More than 1 million members under health plans in Connecticut, Indiana, Kentucky, and Ohio are expected to be eligible for compensation in the form of stock or cash under the plan. Lauren Green-Caldwell, a spokesperson for Anthem, says those members are eligible to receive compensation because Anthem merged with Blue Cross Blue Shield HMOs in those states. The HMOs were mutual insurance companies, meaning members retained their ownership rights once they merged with Anthem.

Members in Colorado, Maine, Nevada, and New Hampshire are not eligible to receive compensation because Anthem purchased nonprofit HMOs to do business in those states. The proceeds from those sales were used to fund charitable foundations, thus no ownership rights were involved, according to Green-Caldwell.

Green-Caldwell says that not all members in Connecticut, Indiana, Kentucky, and Ohio will be eligible for compensation. It will depend on what kind of policy they have.

"It would give them currency to make acquisitions rather than using good old, ugly cash."

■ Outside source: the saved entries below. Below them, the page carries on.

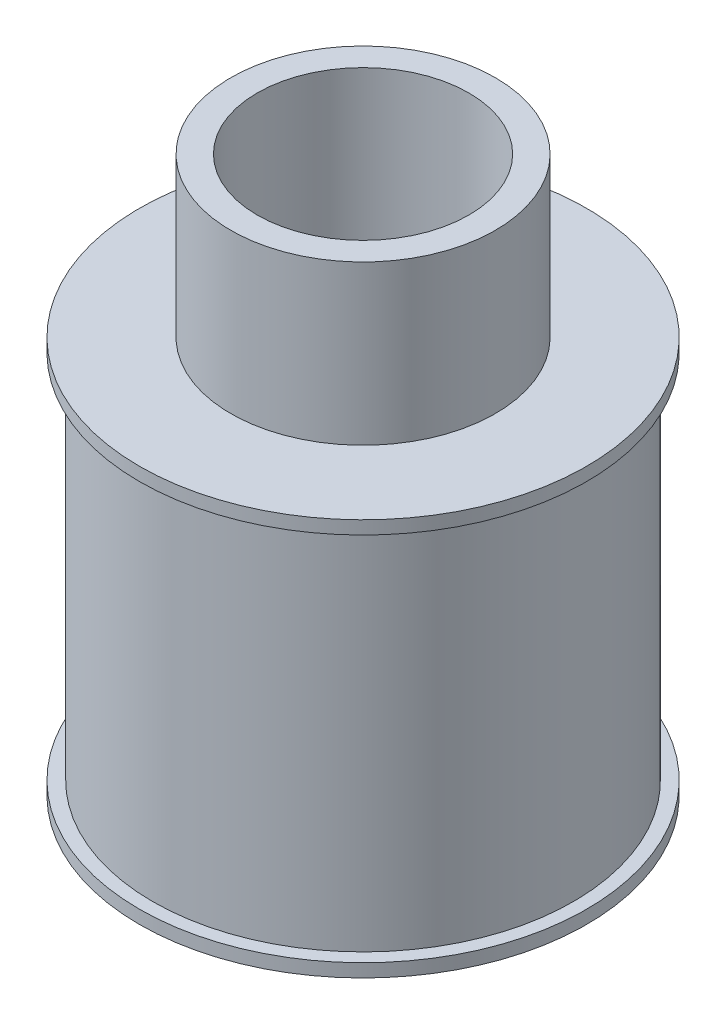
from build123d import *

# Parameters (mm, degrees)
CROQUIS1_R                 = 7.95
SALIENTE_EXTRUIR1_DEPTH    = 7.5
CROQUIS2_R                 = 8.45
SALIENTE_EXTRUIR2_DEPTH    = 0.5
SALIENTE_EXTRUIR3_START    = -14.5
CROQUIS2_2_R               = 8.45
SALIENTE_EXTRUIR3_DEPTH    = 0.5
CROQUIS3_R                 = 5
SALIENTE_EXTRUIR4_DEPTH    = 21
CORTAR_EXTRUIR1_DEPTH      = 24.728779994
CORTAR_EXTRUIR1_DEPTH_BACK = 24.728779994
CROQUIS4_R                 = 3
CROQUIS10_R                = 4
CORTAR_EXTRUIR2_DEPTH      = 25.162057032


with BuildPart() as part:
    # Croquis1 → Saliente-Extruir1 (new, symmetric)
    with BuildSketch(Plane(origin=(0, 0, 0), x_dir=(-1, 0, 0), z_dir=(0, 1, 0))):
        with Locations(Location((0, 0, 0), (0, 0, 90))):
            Circle(CROQUIS1_R)
    extrude(amount=SALIENTE_EXTRUIR1_DEPTH, both=True)

    # Croquis2 → Saliente-Extruir2 (add)
    with BuildSketch(Plane(origin=(0, 7.5, 0), x_dir=(-1, 0, 0), z_dir=(0, 1, 0))):
        with Locations(Location((0, 0, 0), (0, 0, 90))):
            Circle(CROQUIS2_R)
    extrude(amount=-SALIENTE_EXTRUIR2_DEPTH)

    # Croquis2<2> → Saliente-Extruir3 (add)
    with BuildSketch(Plane(origin=(0, 7.5, 0), x_dir=(-1, 0, 0), z_dir=(0, 1, 0)).offset(SALIENTE_EXTRUIR3_START)):
        with Locations(Location((0, 0, 0), (0, 0, 90))):
            Circle(CROQUIS2_2_R)
    extrude(amount=-SALIENTE_EXTRUIR3_DEPTH)

    # Croquis3 → Saliente-Extruir4 (add)
    with BuildSketch(Plane(origin=(0, -7.5, 0), x_dir=(-1, 0, 0), z_dir=(0, 1, 0))):
        with Locations(Location((0, 0, 0), (0, 0, 270))):
            Circle(CROQUIS3_R)
    extrude(amount=SALIENTE_EXTRUIR4_DEPTH)

    # Croquis4 → Cortar-Extruir1 (cut, two sides: drawn at the far end of the back side and taken through both)
    with BuildSketch(Plane(origin=(0, -7, 0), x_dir=(-1, 0, 0), z_dir=(0, 1, 0)).offset(-CORTAR_EXTRUIR1_DEPTH_BACK)):
        with Locations(Location((0, 0, 0), (0, 0, 90))):
            Circle(CROQUIS4_R)
    extrude(amount=CORTAR_EXTRUIR1_DEPTH + CORTAR_EXTRUIR1_DEPTH_BACK, mode=Mode.SUBTRACT)

    # Croquis10 → Cortar-Extruir2 (cut, through all)
    with BuildSketch(Plane.XZ.offset(7.5)):
        with Locations(Location((0, 0, 0), (0, 0, 270))):
            Circle(CROQUIS10_R)
    extrude(amount=-CORTAR_EXTRUIR2_DEPTH, mode=Mode.SUBTRACT)


solid = part.part

Ira Zuckerman, vice president of research at Nutmeg Securities in Westport, Conn., says that Anthem is going public for the same reason that many life insurance companies — including Prudential and Principal Financial Group — are: to raise capital to buy other companies rather than have to tap into reserves to do so. "It would give them currency to make acquisitions rather than using good old, ugly cash," he says.

Zuckerman says that more life insurers than health insurers have gone public because many life insurers that have done so are national companies, unlike HMOs, many of which are regional. With rising medical costs, several HMOs have become financially weaker than life insurance companies. "Health insurers to some degree have had a little tougher time," he says.

Still, Zuckerman says that people may still want to buy Anthem stock because it is one of the more financially strong health insurers. "I would think that people would still want to buy Anthem stock," he says. "But we'll see what the market is like by the time they go public."